Sharpen your knives, load your guns, and get your fuckin' shinebox because more Goodfellas is on the way. While rumors regarding a television series based on the mobster classic have circulated the internet for a while now, nothing was ever set in stone. But now, Digital Spy reports the TV series has not only been confirmed, but that it is in the early planning stages, and that Goodfellas’ director Martin Scorsese and screenwriter Nicholas Pileggi are on board.

Said Pileggi: "I want to do it, Marty wants to do it, Warner Bros wants to do it. Of course, you can't pick up from Goodfellas, since we murdered everybody, or rather, everybody was murdered! There's nobody left. But I think we're going to figure out a way to do the early years - sort of a prequel." Hit the jump for more.

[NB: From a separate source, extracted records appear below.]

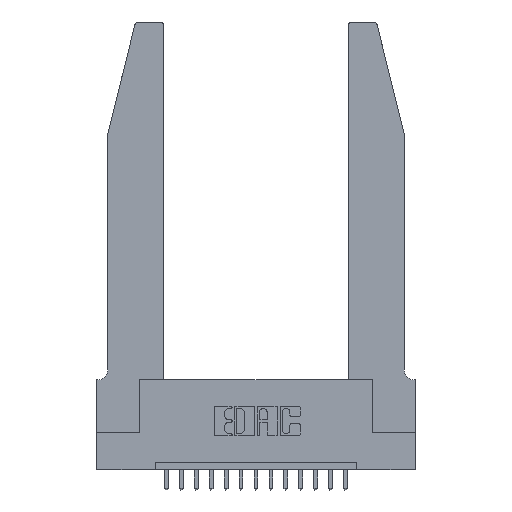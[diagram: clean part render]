
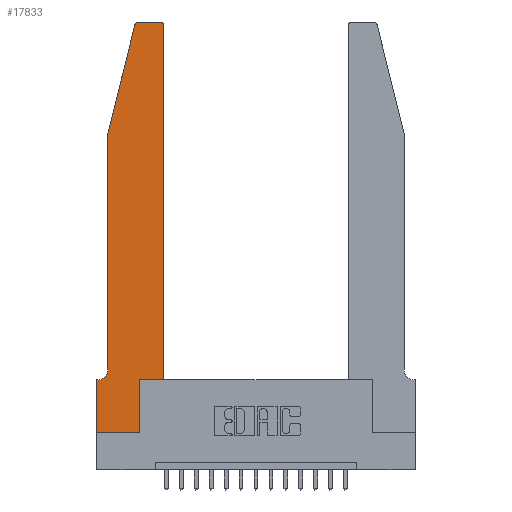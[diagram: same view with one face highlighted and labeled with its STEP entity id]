
A CAD part, top view. The second image highlights one B-rep face of the part: STEP entity #17833.
In plain terms, the highlighted planar face has unit normal (0, 0, 1).
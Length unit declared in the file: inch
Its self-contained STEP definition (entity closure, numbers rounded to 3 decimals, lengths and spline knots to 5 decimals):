
#325 = CARTESIAN_POINT ( 'NONE',  ( 0.4505, 2.72, 0.37 ) ) ;
#504 = ORIENTED_EDGE ( 'NONE', *, *, #10811, .T. ) ;
#729 = DIRECTION ( 'NONE',  ( 1., 0., 0. ) ) ;
#808 = EDGE_CURVE ( 'NONE', #6840, #11776, #14224, .T. ) ;
#1048 = LINE ( 'NONE', #3988, #9121 ) ;
#1104 = VERTEX_POINT ( 'NONE', #17221 ) ;
#1195 = VERTEX_POINT ( 'NONE', #14977 ) ;
#1243 = VECTOR ( 'NONE', #5699, 39.37008 ) ;
#1600 = LINE ( 'NONE', #16300, #12560 ) ;
#1720 = CARTESIAN_POINT ( 'NONE',  ( 0., 0., 0.37 ) ) ;
#2820 = CARTESIAN_POINT ( 'NONE',  ( 0.0755, 2., 0.37 ) ) ;
#3134 = CARTESIAN_POINT ( 'NONE',  ( 0.2865, 0.35, 0.37 ) ) ;
#3346 = VECTOR ( 'NONE', #11707, 39.37008 ) ;
#3505 = LINE ( 'NONE', #14545, #7104 ) ;
#3619 = VECTOR ( 'NONE', #14144, 39.37008 ) ;
#3709 = EDGE_CURVE ( 'NONE', #5617, #12327, #6543, .T. ) ;
#3751 = DIRECTION ( 'NONE',  ( 0., -1., 0. ) ) ;
#3782 = VERTEX_POINT ( 'NONE', #2820 ) ;
#3896 = ORIENTED_EDGE ( 'NONE', *, *, #10587, .T. ) ;
#3988 = CARTESIAN_POINT ( 'NONE',  ( 0., 0., 0.37 ) ) ;
#4177 = ORIENTED_EDGE ( 'NONE', *, *, #18426, .T. ) ;
#4205 = CARTESIAN_POINT ( 'NONE',  ( 0.0055, 0.42, 0.37 ) ) ;
#4436 = CARTESIAN_POINT ( 'NONE',  ( 0., 0.35, 0.37 ) ) ;
#4614 = CARTESIAN_POINT ( 'NONE',  ( 0.4205, 2.75, 0.37 ) ) ;
#4863 = CARTESIAN_POINT ( 'NONE',  ( 0.0755, 0.42, 0.37 ) ) ;
#5020 = VERTEX_POINT ( 'NONE', #4614 ) ;
#5358 = ORIENTED_EDGE ( 'NONE', *, *, #16337, .T. ) ;
#5389 = ORIENTED_EDGE ( 'NONE', *, *, #12222, .T. ) ;
#5442 = LINE ( 'NONE', #13172, #1243 ) ;
#5617 = VERTEX_POINT ( 'NONE', #4863 ) ;
#5699 = DIRECTION ( 'NONE',  ( -0.239, -0.971, 0. ) ) ;
#5965 = ORIENTED_EDGE ( 'NONE', *, *, #12642, .T. ) ;
#6090 = VECTOR ( 'NONE', #8786, 39.37008 ) ;
#6377 = CIRCLE ( 'NONE', #14849, 0.03 ) ;
#6543 = CIRCLE ( 'NONE', #10956, 0.07 ) ;
#6718 = AXIS2_PLACEMENT_3D ( 'NONE', #4436, #13200, #15871 ) ;
#6840 = VERTEX_POINT ( 'NONE', #13972 ) ;
#6920 = ORIENTED_EDGE ( 'NONE', *, *, #15033, .T. ) ;
#7104 = VECTOR ( 'NONE', #16164, 39.37008 ) ;
#7388 = PLANE ( 'NONE',  #6718 ) ;
#7687 = LINE ( 'NONE', #14847, #6090 ) ;
#7800 = CARTESIAN_POINT ( 'NONE',  ( 0.284, 2.72, 0.37 ) ) ;
#7962 = EDGE_CURVE ( 'NONE', #1195, #14871, #1048, .T. ) ;
#8255 = CARTESIAN_POINT ( 'NONE',  ( 0.2605, 2.75, 0.37 ) ) ;
#8261 = CARTESIAN_POINT ( 'NONE',  ( 0.2865, 0.35, 0.37 ) ) ;
#8786 = DIRECTION ( 'NONE',  ( 1., 0., 0. ) ) ;
#9121 = VECTOR ( 'NONE', #18109, 39.37008 ) ;
#9227 = DIRECTION ( 'NONE',  ( 1., 0., 0. ) ) ;
#9306 = FACE_OUTER_BOUND ( 'NONE', #12068, .T. ) ;
#9528 = CARTESIAN_POINT ( 'NONE',  ( 0.2865, 0., 0.37 ) ) ;
#9725 = DIRECTION ( 'NONE',  ( 0., 1., 0. ) ) ;
#10475 = VECTOR ( 'NONE', #3751, 39.37008 ) ;
#10587 = EDGE_CURVE ( 'NONE', #1104, #1195, #18315, .T. ) ;
#10811 = EDGE_CURVE ( 'NONE', #12327, #1104, #1600, .T. ) ;
#10933 = ORIENTED_EDGE ( 'NONE', *, *, #7962, .T. ) ;
#10956 = AXIS2_PLACEMENT_3D ( 'NONE', #4205, #14403, #11363 ) ;
#11045 = VECTOR ( 'NONE', #9725, 39.37008 ) ;
#11357 = DIRECTION ( 'NONE',  ( -1., 0., 0. ) ) ;
#11363 = DIRECTION ( 'NONE',  ( -1., 0., 0. ) ) ;
#11393 = ORIENTED_EDGE ( 'NONE', *, *, #11895, .T. ) ;
#11707 = DIRECTION ( 'NONE',  ( 0., -1., 0. ) ) ;
#11776 = VERTEX_POINT ( 'NONE', #16137 ) ;
#11844 = CARTESIAN_POINT ( 'NONE',  ( 0.0055, 0.35, 0.37 ) ) ;
#11895 = EDGE_CURVE ( 'NONE', #12913, #14522, #7687, .T. ) ;
#12068 = EDGE_LOOP ( 'NONE', ( #5389, #15442, #16217, #6920, #12959, #504, #3896, #10933, #5965, #11393, #4177, #5358 ) ) ;
#12222 = EDGE_CURVE ( 'NONE', #5020, #6840, #17049, .T. ) ;
#12327 = VERTEX_POINT ( 'NONE', #11844 ) ;
#12560 = VECTOR ( 'NONE', #11357, 39.37008 ) ;
#12642 = EDGE_CURVE ( 'NONE', #14871, #12913, #17035, .T. ) ;
#12913 = VERTEX_POINT ( 'NONE', #3134 ) ;
#12959 = ORIENTED_EDGE ( 'NONE', *, *, #3709, .T. ) ;
#13172 = CARTESIAN_POINT ( 'NONE',  ( 0.0755, 2., 0.37 ) ) ;
#13200 = DIRECTION ( 'NONE',  ( 0., 0., 1. ) ) ;
#13972 = CARTESIAN_POINT ( 'NONE',  ( 0.284, 2.75, 0.37 ) ) ;
#14144 = DIRECTION ( 'NONE',  ( -1., 0., 0. ) ) ;
#14207 = CARTESIAN_POINT ( 'NONE',  ( 0.4505, 0.35, 0.37 ) ) ;
#14224 = CIRCLE ( 'NONE', #16138, 0.03 ) ;
#14403 = DIRECTION ( 'NONE',  ( 0., 0., -1. ) ) ;
#14522 = VERTEX_POINT ( 'NONE', #14207 ) ;
#14545 = CARTESIAN_POINT ( 'NONE',  ( 0.4505, 0.35, 0.37 ) ) ;
#14847 = CARTESIAN_POINT ( 'NONE',  ( 0.4505, 0.35, 0.37 ) ) ;
#14849 = AXIS2_PLACEMENT_3D ( 'NONE', #16510, #14877, #9227 ) ;
#14871 = VERTEX_POINT ( 'NONE', #9528 ) ;
#14877 = DIRECTION ( 'NONE',  ( 0., 0., 1. ) ) ;
#14897 = DIRECTION ( 'NONE',  ( 0., 0., 1. ) ) ;
#14977 = CARTESIAN_POINT ( 'NONE',  ( 0., 0., 0.37 ) ) ;
#15033 = EDGE_CURVE ( 'NONE', #3782, #5617, #15364, .T. ) ;
#15312 = CARTESIAN_POINT ( 'NONE',  ( 0.0755, 2., 0.37 ) ) ;
#15364 = LINE ( 'NONE', #15312, #10475 ) ;
#15442 = ORIENTED_EDGE ( 'NONE', *, *, #808, .T. ) ;
#15871 = DIRECTION ( 'NONE',  ( 1., 0., 0. ) ) ;
#16137 = CARTESIAN_POINT ( 'NONE',  ( 0.25487, 2.72718, 0.37 ) ) ;
#16138 = AXIS2_PLACEMENT_3D ( 'NONE', #7800, #14897, #729 ) ;
#16164 = DIRECTION ( 'NONE',  ( 0., 1., 0. ) ) ;
#16217 = ORIENTED_EDGE ( 'NONE', *, *, #16749, .T. ) ;
#16230 = VERTEX_POINT ( 'NONE', #325 ) ;
#16300 = CARTESIAN_POINT ( 'NONE',  ( 0.0755, 0.35, 0.37 ) ) ;
#16337 = EDGE_CURVE ( 'NONE', #16230, #5020, #6377, .T. ) ;
#16510 = CARTESIAN_POINT ( 'NONE',  ( 0.4205, 2.72, 0.37 ) ) ;
#16749 = EDGE_CURVE ( 'NONE', #11776, #3782, #5442, .T. ) ;
#17035 = LINE ( 'NONE', #8261, #11045 ) ;
#17049 = LINE ( 'NONE', #8255, #3619 ) ;
#17221 = CARTESIAN_POINT ( 'NONE',  ( 0., 0.35, 0.37 ) ) ;
#17833 = ADVANCED_FACE ( 'NONE', ( #9306 ), #7388, .T. ) ;
#18109 = DIRECTION ( 'NONE',  ( 1., 0., 0. ) ) ;
#18315 = LINE ( 'NONE', #1720, #3346 ) ;
#18426 = EDGE_CURVE ( 'NONE', #14522, #16230, #3505, .T. ) ;

A prequel to Scorsese’s mobster classic is certainly intriguing, especially considering the wealth of information Pileggi, who wrote the book Wiseguy from which Goodfellas is based, is likely to have.

Since The Sopranos went off the air back in 2007, I’ve been experiencing gangster withdraw. If you ask me, a Goodfellas TV-series is just what the doctor ordered.

Pileggi and Scorsese also teamed up for 1995’s Casino.

In case you haven’t seen the film, here’s the official synopsis for Goodfellas:

Martin Scorsese explores the life of organized crime with his gritty, kinetic adaptation of Nicolas Pileggi’s best-selling Wiseguy, the true-life account of mobster and FBI informant Henry Hill. Set to a true-to-period rock soundtrack, the story details the rise and fall of Hill, a half-Irish, half-Sicilian New York kid who grows up idolizing the “wise guys” in his impoverished Brooklyn neighborhood. He begins hanging around the mobsters, running errands and doing odd jobs until he gains the notice of local chieftain Paulie Cicero (Paul Sorvino), who takes him in as a surrogate son.

As he reaches his teens, Hill (Ray Liotta) is inducted into the world of petty crime, where he distinguishes himself as a “stand-up guy” by choosing jail time over ratting on his accomplices. From that moment on, he is a part of the family. Along with his psychotic partner Tommy (Joe Pesci), he rises through the ranks to become Paulie’s lieutenant; however, he quickly learns that, like his mentor Jimmy (Robert DeNiro), his ethnicity prevents him from ever becoming a “made guy,” an actual member of the crime family. Soon he finds himself the target of both the feds and the mobsters, who feel that he has become a threat to their security with his reckless dealings.